The Committed_AS field can underflow in certain situations:

>         # while true; do cat /proc/meminfo  | grep _AS; sleep 1; done | uniq -c
>               1 Committed_AS: 18446744073709323392 kB
>              11 Committed_AS: 18446744073709455488 kB
>               6 Committed_AS:    35136 kB
>               5 Committed_AS: 18446744073709454400 kB
>               7 Committed_AS:    35904 kB
>               3 Committed_AS: 18446744073709453248 kB
>               2 Committed_AS:    34752 kB
>               9 Committed_AS: 18446744073709453248 kB
>               8 Committed_AS:    34752 kB
>               3 Committed_AS: 18446744073709320960 kB
>               7 Committed_AS: 18446744073709454080 kB
>               3 Committed_AS: 18446744073709320960 kB
>               5 Committed_AS: 18446744073709454080 kB
>               6 Committed_AS: 18446744073709320960 kB

Because NR_CPUS can be greater than 1000 and meminfo_proc_show() does
not check for underflow.

But NR_CPUS proportional isn't good calculation.  In general,
possibility of lock contention is proportional to the number of online
cpus, not theorical maximum cpus (NR_CPUS).

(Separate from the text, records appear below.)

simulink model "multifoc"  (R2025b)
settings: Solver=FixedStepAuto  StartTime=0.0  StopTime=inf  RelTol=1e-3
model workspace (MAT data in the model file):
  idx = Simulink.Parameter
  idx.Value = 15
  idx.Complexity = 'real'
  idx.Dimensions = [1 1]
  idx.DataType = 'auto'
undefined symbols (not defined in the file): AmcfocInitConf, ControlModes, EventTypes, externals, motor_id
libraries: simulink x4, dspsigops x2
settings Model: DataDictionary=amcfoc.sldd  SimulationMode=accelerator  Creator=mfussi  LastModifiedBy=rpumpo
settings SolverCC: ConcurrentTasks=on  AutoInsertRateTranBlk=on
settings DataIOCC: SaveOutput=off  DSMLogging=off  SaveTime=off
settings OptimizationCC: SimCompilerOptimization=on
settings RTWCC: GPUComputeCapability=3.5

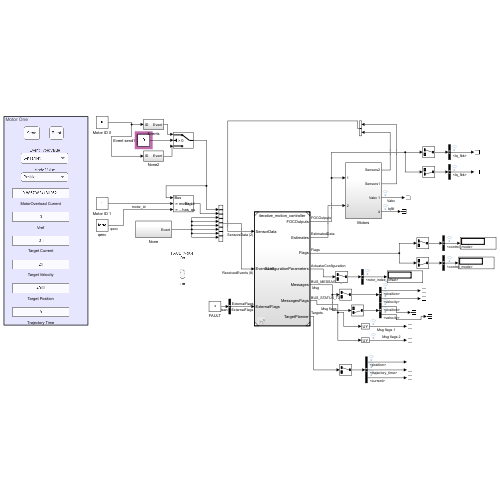
[thumbnail: Simulink's stored preview of the top-level diagram]
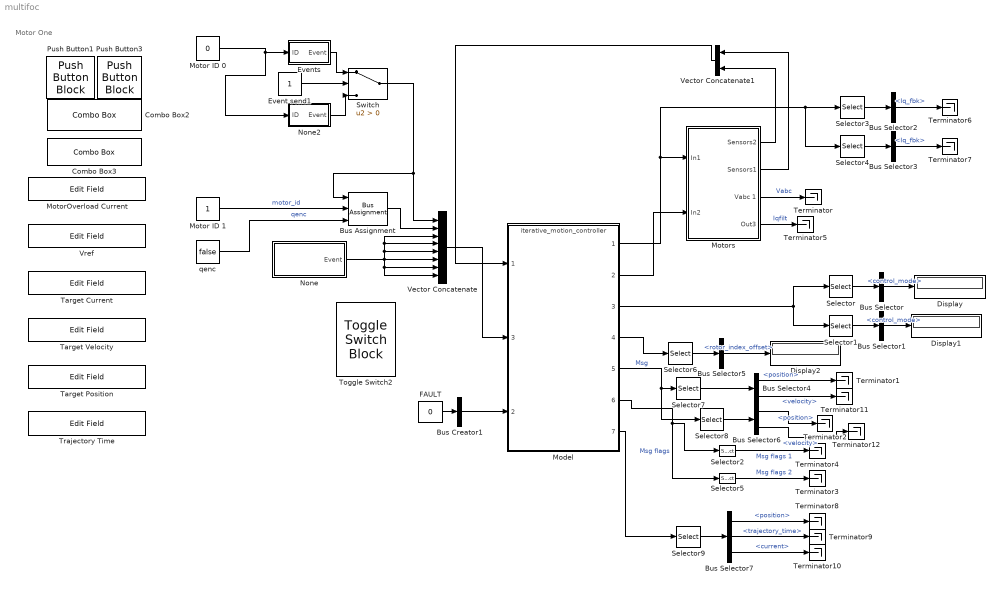
== system multifoc ==
  note: Motor One
  Bus Assignment : BusAssignment  AssignedSignals=motor_id,externals.has_quadrature_encoder
  Bus Creator1 : BusCreator  Inputs=1  OutDataTypeStr=Bus: ExternalFlags  NonVirtualBus=on
      settings: InheritFromInputs=off
  Bus Selector : BusSelector  OutputSignals=control_mode
  Bus Selector1 : BusSelector  OutputSignals=control_mode
  Bus Selector2 : BusSelector  OutputSignals=Iq_fbk
  Bus Selector3 : BusSelector  OutputSignals=Iq_fbk
  Bus Selector4 : BusSelector  OutputSignals=foc.position,foc.velocity
  Bus Selector5 : BusSelector  OutputSignals=motor.externals.rotor_index_offset
  Bus Selector6 : BusSelector  OutputSignals=foc.position,foc.velocity
  Bus Selector7 : BusSelector  OutputSignals=position,trajectory_time,current
  Combo Box2 : ComboBox  SelectedLabel=SetTarget  UseEnumeratedDataType=on  EnumeratedDataType=EventTypes
  Combo Box3 : ComboBox  SelectedLabel=Position  UseEnumeratedDataType=on  EnumeratedDataType=ControlModes
  Display : Display
  Display1 : Display
  Display2 : Display
  Event send1 : Constant
  Events : Subsystem
  FAULT : Constant  Value=0  OutDataTypeStr=Inherit: Inherit via back propagation
  Model : ModelReference  ModelNameDialog=iterative_motion_controller.slx  SimulationMode=Normal  ModelReferenceVersion=5.18
      settings: PortSchema="{\"entries\":[{\"content\":{\"sides\":[{\"content\":{\"connectorIds\":[\"In1\",\"In3\",\"In2\"]},\"type\":\"ConnectorPlacement.EquallySpacedRectSide\",\"uuid\":\"934c1d33-4450-4a0d-b709-1a42a1f76a8a\"},{\"content\":{\"connectorIds\":[\"Out1\",\"Out2\",\"Out3\",\"Out4\",\"Out5\",\"Out6\",\"Out7\"],\"side\":\"RIGHT\"},\"type\":\"ConnectorPlacement.EquallySpacedRectSide\",\"uuid\":\"07cc3f64-4a6c-4a49-ab3b-6bdd8946d703\"},{\"content\":{\"side\":\"TOP\"},\"type\":\"ConnectorPlacement.EquallySpacedRectSide\",\"uuid\":\"bdfb7dfb-875f-4552-909e-d1a15bca8e36\"}]},\"type\":\"ConnectorPlacement.EquallySpacedConnector\",\"uuid\":\"d809c882-6d9c-4cbc-bba4-fc08c365081a\"}],\"packageUris\":[\"http://schema.mathworks.com/mf0/Connector/R2020b\"],\"version\":\"1.0\"}"
  Motor ID 0 : Constant  Value=0  OutDataTypeStr=Inherit: Inherit via back propagation
  Motor ID 1 : Constant  OutDataTypeStr=Inherit: Inherit via back propagation
  MotorOverload Current : EditField  LabelPosition=Hide  ShowInitialText=on  Alignment=Center
  Motors : Subsystem
  None : Subsystem
  None2 : Subsystem
  Push Button1 : PushButtonBlock  ButtonText=Send  IconOnColor=[0.0, 0.39215686274509803, 0.0]  IconOffColor=[0.0, 1.0, 0.0]  OffValue=0.000000
  Push Button3 : PushButtonBlock  ButtonText=Burst  ButtonType=Latch  IconOnColor=[0.0, 0.39215686274509803, 0.0]  IconOffColor=[0.0, 1.0, 0.0]  OffValue=0.000000
  Selector{,2..3,6..7,9} (6 alike) : Selector  InputPortWidth=2  IndexOptions=Index vector (dialog)  Indices=1  OutputSizes=1
  Selector{1,4..5,8} (4 alike) : Selector  InputPortWidth=2  IndexOptions=Index vector (dialog)  Indices=2  OutputSizes=1
  Switch : Switch  Criteria=u2 > Threshold  SaturateOnIntegerOverflow=off  InputSameDT=off
  Target Current : EditField  LabelPosition=Hide  ShowInitialText=on  Alignment=Center
  Target Position : EditField  LabelPosition=Hide  ShowInitialText=on  Alignment=Center
  Target Velocity : EditField  LabelPosition=Hide  ShowInitialText=on  Alignment=Center
  Terminator{,1..12} (13 alike) : Terminator
  Toggle Switch2 : ToggleSwitchBlock
  Trajectory Time : EditField  LabelPosition=Hide  ShowInitialText=on  Alignment=Center
  Vector Concatenate : Concatenate  NumInputs=8
  Vector Concatenate1 : Concatenate
  Vref : EditField  LabelPosition=Hide  ShowInitialText=on  Alignment=Center
  qenc : Constant  Value=false  OutDataTypeStr=boolean
  wires:
  Event send1/1 -> Switch/2
  None/1(Event) -> Vector Concatenate/3, Vector Concatenate/4, Vector Concatenate/5, Vector Concatenate/8, Vector Concatenate/7, Vector Concatenate/6
  FAULT/1 -> Bus Creator1/1
  Bus Creator1/1 -> Model/2
  Vector Concatenate1/1 -> Model/1
  Motors/2(Sensors1) -> Vector Concatenate1/1
  Motors/3(Vabc 1) -> Terminator/1  "Vabc"
  Motors/4(Out3) -> Terminator5/1  "Iqfilt"
  Selector/1 -> Bus Selector/1
  Selector1/1 -> Bus Selector1/1
  Bus Selector/1 -> Display/1  "<control_mode>"
  Bus Selector1/1 -> Display1/1  "<control_mode>"
  Motors/1(Sensors2) -> Vector Concatenate1/2
  Model/1 -> Selector4/1, Selector3/1, Motors/1(In1)
  Bus Selector2/1 -> Terminator6/1  "<Iq_fbk>"
  Bus Selector3/1 -> Terminator7/1  "<Iq_fbk>"
  Selector4/1 -> Bus Selector3/1
  Selector3/1 -> Bus Selector2/1
  Model/2 -> Motors/2(In2)
  Model/6 -> Selector2/1, Selector5/1  "Msg flags"
  Model/5 -> Selector8/1, Selector7/1  "Msg"
  Selector5/1 -> Terminator3/1  "Msg flags 2"
  Selector2/1 -> Terminator4/1  "Msg flags 1"
  Motor ID 1/1 -> Bus Assignment/2  "motor_id"
  Motor ID 0/1 -> Events/1(ID), None2/1(ID)
  qenc/1 -> Bus Assignment/3  "qenc"
  Model/3 -> Selector/1, Selector1/1
  Model/4 -> Selector6/1
  Selector6/1 -> Bus Selector5/1
  Bus Selector5/1 -> Display2/1  "<rotor_index_offset>"
  Selector7/1 -> Bus Selector4/1
  Selector8/1 -> Bus Selector6/1
  Bus Selector4/1 -> Terminator1/1  "<position>"
  Bus Selector6/1 -> Terminator2/1  "<position>"
  Model/7 -> Selector9/1
  Selector9/1 -> Bus Selector7/1
  Bus Selector7/1 -> Terminator8/1  "<position>"
  Bus Selector7/2 -> Terminator9/1  "<trajectory_time>"
  Vector Concatenate/1 -> Model/3
  Events/1(Event) -> Switch/1
  Bus Selector7/3 -> Terminator10/1  "<current>"
  None2/1(Event) -> Switch/3
  Switch/1 -> Vector Concatenate/1, Bus Assignment/1
  Bus Assignment/1 -> Vector Concatenate/2
  Bus Selector4/2 -> Terminator11/1  "<velocity>"
  Bus Selector6/2 -> Terminator12/1  "<velocity>"

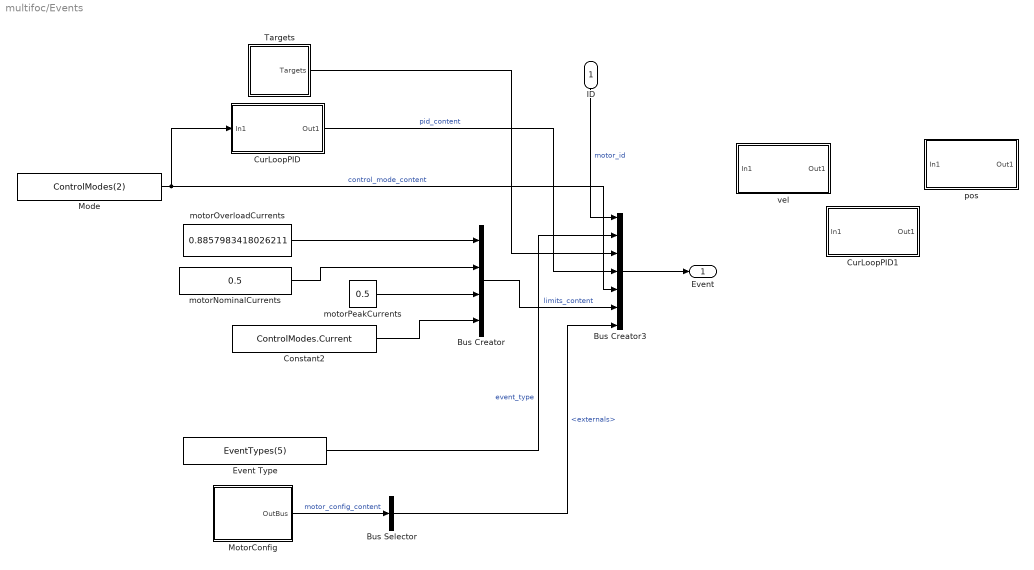
== system multifoc/Events ==
  ID : Inport
  Bus Creator : BusCreator  Inputs=4  OutDataTypeStr=Bus: SupervisorInputLimits
  Bus Creator3 : BusCreator  Inputs=7  OutDataTypeStr=Bus: ReceivedEvents  NonVirtualBus=on
  Bus Selector : BusSelector  OutputSignals=externals
  Constant2 : Constant  Value=ControlModes.Current  OutDataTypeStr=Enum: ControlModes
  CurLoopPID : Subsystem  mask{OutMax=3, OutMin=-3, P=10, I=10, D=0, N=0, I0=0, D0=0, shift_factor=0}
      mask prompts: shift_factor "Shift Factor"
  CurLoopPID1 : Subsystem  mask{OutMax=0, OutMin=0, P=2, I=500, D=0, N=10, I0=0, D0=0, shift_factor=0}
      mask prompts: shift_factor "Shift Factor"
  Event Type : Constant  Value=EventTypes(5)  OutDataTypeStr=Enum: EventTypes
  Mode : Constant  Value=ControlModes(2)  OutDataTypeStr=Enum: ControlModes
  MotorConfig : Subsystem  mask{has_hall_sens=AmcfocInitConf(1).motor.externals.has_hall_sens, has_quadrature_encoder=false, has_speed_quadrature_encoder=AmcfocInitConf(1).motor.externals.has_speed_quadrature_encoder, has_torque_sens=AmcfocInitConf(1).motor.externals.has_temperature_sens, use_index=false, enable_verbosity=AmcfocInitConf(1).motor.externals.enable_verbosity, hall_sensors_offset=0, rotor_encoder_resolution=1, rotor_index_offset=AmcfocInitConf(1).motor.externals.rotor_index_offset, encoder_tolerance=AmcfocInitConf(1).motor.externals.encoder_tolerance, pole_pairs=AmcfocInitConf(1).motor.externals.pole_pairs, reduction=100, Kbemf=AmcfocInitConf(1).motor.Kbemf, Rphase=AmcfocInitConf(1).motor.Rphase, Imin=AmcfocInitConf(1).motor.Imin, Imax=AmcfocInitConf(1).motor.Imax, Vmax=AmcfocInitConf(1).motor.Vmax, R=AmcfocInitConf(1).motor.resistance, L=AmcfocInitConf(1).motor.inductance, Rt=AmcfocInitConf(1).motor.thermal_resistance, tau=AmcfocInitConf(1).motor.thermal_time_constant}
      mask prompts: R "Motor Resistance"; L "Motor Inductance"; Rt "Thermal Resistance"; tau "Thermal Time Constant"
  Targets : Subsystem
  motorNominalCurrents : Constant  Value=0.5  OutDataTypeStr=single
  motorOverloadCurrents : Constant  Value=0.8857983418026211  OutDataTypeStr=single
  motorPeakCurrents : Constant  Value=0.5  OutDataTypeStr=single
  pos : Subsystem  mask{OutMax=0, OutMin=0, P=2, I=500, D=0, N=10, I0=0, D0=0, shift_factor=0}
      mask prompts: shift_factor "Shift Factor"
  vel : Subsystem  mask{OutMax=0, OutMin=0, P=2, I=500, D=0, N=10, I0=0, D0=0, shift_factor=0}
      mask prompts: shift_factor "Shift Factor"
  Event : Outport  OutDataTypeStr=Bus: ReceivedEvents
  wires:
  Bus Creator/1 -> Bus Creator3/6  "limits_content"
  Bus Selector/1 -> Bus Creator3/7  "<externals>"
  Mode/1 -> Bus Creator3/5, CurLoopPID/1(In1)  "control_mode_content"
  Event Type/1 -> Bus Creator3/2  "event_type"
  CurLoopPID/1(Out1) -> Bus Creator3/4  "pid_content"
  motorPeakCurrents/1 -> Bus Creator/3
  Constant2/1 -> Bus Creator/4
  motorOverloadCurrents/1 -> Bus Creator/1
  motorNominalCurrents/1 -> Bus Creator/2
  Bus Creator3/1 -> Event/1
  ID/1 -> Bus Creator3/1  "motor_id"
  MotorConfig/1(OutBus) -> Bus Selector/1  "motor_config_content"
  Targets/1(Targets) -> Bus Creator3/3

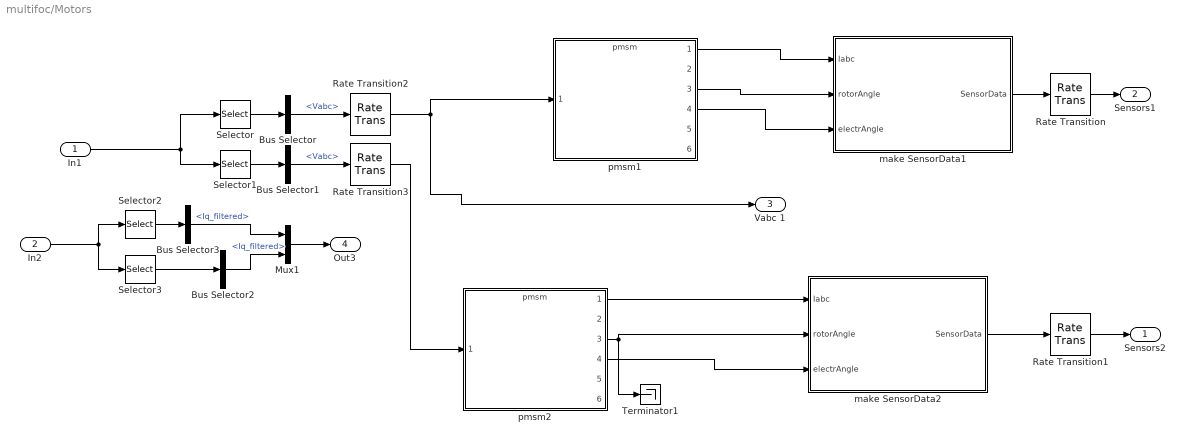
== system multifoc/Motors ==
  In1 : Inport
  In2 : Inport  Port=2
  Bus Selector : BusSelector  OutputSignals=Vabc
  Bus Selector1 : BusSelector  OutputSignals=Vabc
  Bus Selector2 : BusSelector  OutputSignals=Iq_filtered
  Bus Selector3 : BusSelector  OutputSignals=Iq_filtered
  Mux1 : Mux  Inputs=2
  Rate Transition : RateTransition  Integrity=off  OutPortSampleTime=Ts_ControlFOC
  Rate Transition1 : RateTransition  Integrity=off  OutPortSampleTime=Ts_ControlFOC
  Rate Transition2 : RateTransition  Integrity=off
  Rate Transition3 : RateTransition  Integrity=off
  Selector : Selector  InputPortWidth=2  IndexOptions=Index vector (dialog)  Indices=1  OutputSizes=1
  Selector1 : Selector  InputPortWidth=2  IndexOptions=Index vector (dialog)  Indices=2  OutputSizes=1
  Selector2 : Selector  InputPortWidth=2  IndexOptions=Index vector (dialog)  Indices=1  OutputSizes=1
  Selector3 : Selector  InputPortWidth=2  IndexOptions=Index vector (dialog)  Indices=2  OutputSizes=1
  Terminator1 : Terminator
  make SensorData1 : Subsystem
  make SensorData2 : Subsystem
  pmsm1 : ModelReference  ModelNameDialog=pmsm.slx  SimulationMode=Normal  ModelReferenceVersion=10.6  OutputSignalHandling=Zero-order hold
  pmsm2 : ModelReference  ModelNameDialog=pmsm.slx  SimulationMode=Normal  ModelReferenceVersion=10.6
  Sensors2 : Outport
  Sensors1 : Outport  Port=2
  Vabc 1 : Outport  Port=3
  Out3 : Outport  Port=4
  wires:
  pmsm2/1 -> make SensorData2/1(Iabc)
  Bus Selector1/1 -> Rate Transition3/1  "<Vabc>"
  make SensorData1/1(SensorData) -> Rate Transition/1
  Selector3/1 -> Bus Selector2/1
  pmsm2/3 -> make SensorData2/2(rotorAngle), Terminator1/1
  pmsm1/1 -> make SensorData1/1(Iabc)
  In2/1 -> Selector2/1, Selector3/1
  Bus Selector/1 -> Rate Transition2/1  "<Vabc>"
  Selector/1 -> Bus Selector/1
  Selector1/1 -> Bus Selector1/1
  Selector2/1 -> Bus Selector3/1
  Rate Transition2/1 -> pmsm1/1, Vabc 1/1
  Mux1/1 -> Out3/1
  make SensorData2/1(SensorData) -> Rate Transition1/1
  In1/1 -> Selector1/1, Selector/1
  Bus Selector3/1 -> Mux1/1  "<Iq_filtered>"
  Bus Selector2/1 -> Mux1/2  "<Iq_filtered>"
  Rate Transition/1 -> Sensors1/1
  Rate Transition1/1 -> Sensors2/1
  Rate Transition3/1 -> pmsm2/1
  pmsm1/3 -> make SensorData1/2(rotorAngle)
  pmsm1/4 -> make SensorData1/3(electrAngle)
  pmsm2/4 -> make SensorData2/3(electrAngle)

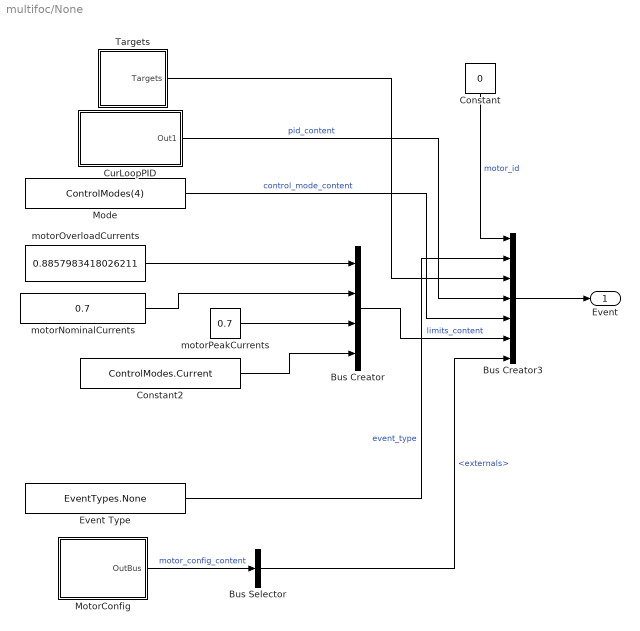
== system multifoc/None ==
  Bus Creator : BusCreator  Inputs=4  OutDataTypeStr=Bus: SupervisorInputLimits
  Bus Creator3 : BusCreator  Inputs=7  OutDataTypeStr=Bus: ReceivedEvents  NonVirtualBus=on
  Bus Selector : BusSelector  OutputSignals=externals
  Constant : Constant  Value=0  OutDataTypeStr=Inherit: Inherit via back propagation
  Constant2 : Constant  Value=ControlModes.Current  OutDataTypeStr=Enum: ControlModes
  CurLoopPID : Subsystem  mask{OutMax=0, OutMin=0, P=2, I=500, D=0, N=10, I0=0, D0=0, shift_factor=0}
      mask prompts: shift_factor "Shift Factor"
  Event Type : Constant  Value=EventTypes.None  OutDataTypeStr=Enum: EventTypes
  Mode : Constant  Value=ControlModes(4)  OutDataTypeStr=Enum: ControlModes
  MotorConfig : Subsystem  mask{has_hall_sens=AmcfocInitConf(1).motor.externals.has_hall_sens, has_quadrature_encoder=AmcfocInitConf(1).motor.externals.has_quadrature_encoder, has_speed_quadrature_encoder=AmcfocInitConf(1).motor.externals.has_speed_quadrature_encoder, has_torque_sens=AmcfocInitConf(1).motor.externals.has_temperature_sens, use_index=AmcfocInitConf(1).motor.externals.use_index, enable_verbosity=AmcfocInitConf(1).motor.externals.enable_verbosity, hall_sensors_offset=0, rotor_encoder_resolution=AmcfocInitConf(1).motor.externals.rotor_encoder_resolution, rotor_index_offset=AmcfocInitConf(1).motor.externals.rotor_index_offset, encoder_tolerance=AmcfocInitConf(1).motor.externals.encoder_tolerance, pole_pairs=AmcfocInitConf(1).motor.externals.pole_pairs, reduction=100, Kbemf=AmcfocInitConf(1).motor.Kbemf, Rphase=AmcfocInitConf(1).motor.Rphase, Imin=AmcfocInitConf(1).motor.Imin, Imax=AmcfocInitConf(1).motor.Imax, Vmax=AmcfocInitConf(1).motor.Vmax, R=AmcfocInitConf(1).motor.resistance, L=AmcfocInitConf(1).motor.inductance, Rt=AmcfocInitConf(1).motor.thermal_resistance, tau=AmcfocInitConf(1).motor.thermal_time_constant}
      mask prompts: R "Motor Resistance"; L "Motor Inductance"; Rt "Thermal Resistance"; tau "Thermal Time Constant"
  Targets : Subsystem
  motorNominalCurrents : Constant  Value=0.7  OutDataTypeStr=single
  motorOverloadCurrents : Constant  Value=0.8857983418026211  OutDataTypeStr=single
  motorPeakCurrents : Constant  Value=0.7  OutDataTypeStr=single
  Event : Outport  OutDataTypeStr=Bus: ReceivedEvents
  wires:
  Bus Creator/1 -> Bus Creator3/6  "limits_content"
  Bus Selector/1 -> Bus Creator3/7  "<externals>"
  Mode/1 -> Bus Creator3/5  "control_mode_content"
  Event Type/1 -> Bus Creator3/2  "event_type"
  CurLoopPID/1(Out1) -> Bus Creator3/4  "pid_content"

The current kernel has generic percpu-counter stuff.  using it is right
way.  it makes code simplify and percpu_counter_read_positive() don't
make underflow issue.

Reported-by: Dave Hansen <dave@xxxxxxxxxxxxxxxxxx>
Signed-off-by: KOSAKI Motohiro <kosaki.motohiro@xxxxxxxxxxxxxx>
Cc: Eric B Munson <ebmunson@xxxxxxxxxx>
Cc: Mel Gorman <mel@xxxxxxxxx>
Cc: Christoph Lameter <cl@xxxxxxxxxxxxxxxxxxxx>
Cc: <stable@xxxxxxxxxx>		[All kernel versions]
Signed-off-by: Andrew Morton <akpm@xxxxxxxxxxxxxxxxxxxx>
---

 fs/proc/meminfo.c    |    2 -
 include/linux/mman.h |    9 ++------
 mm/mmap.c            |   12 +++++-----
 mm/nommu.c           |   13 ++++++-----
 mm/swap.c            |   46 -----------------------------------------
 5 files changed, 17 insertions(+), 65 deletions(-)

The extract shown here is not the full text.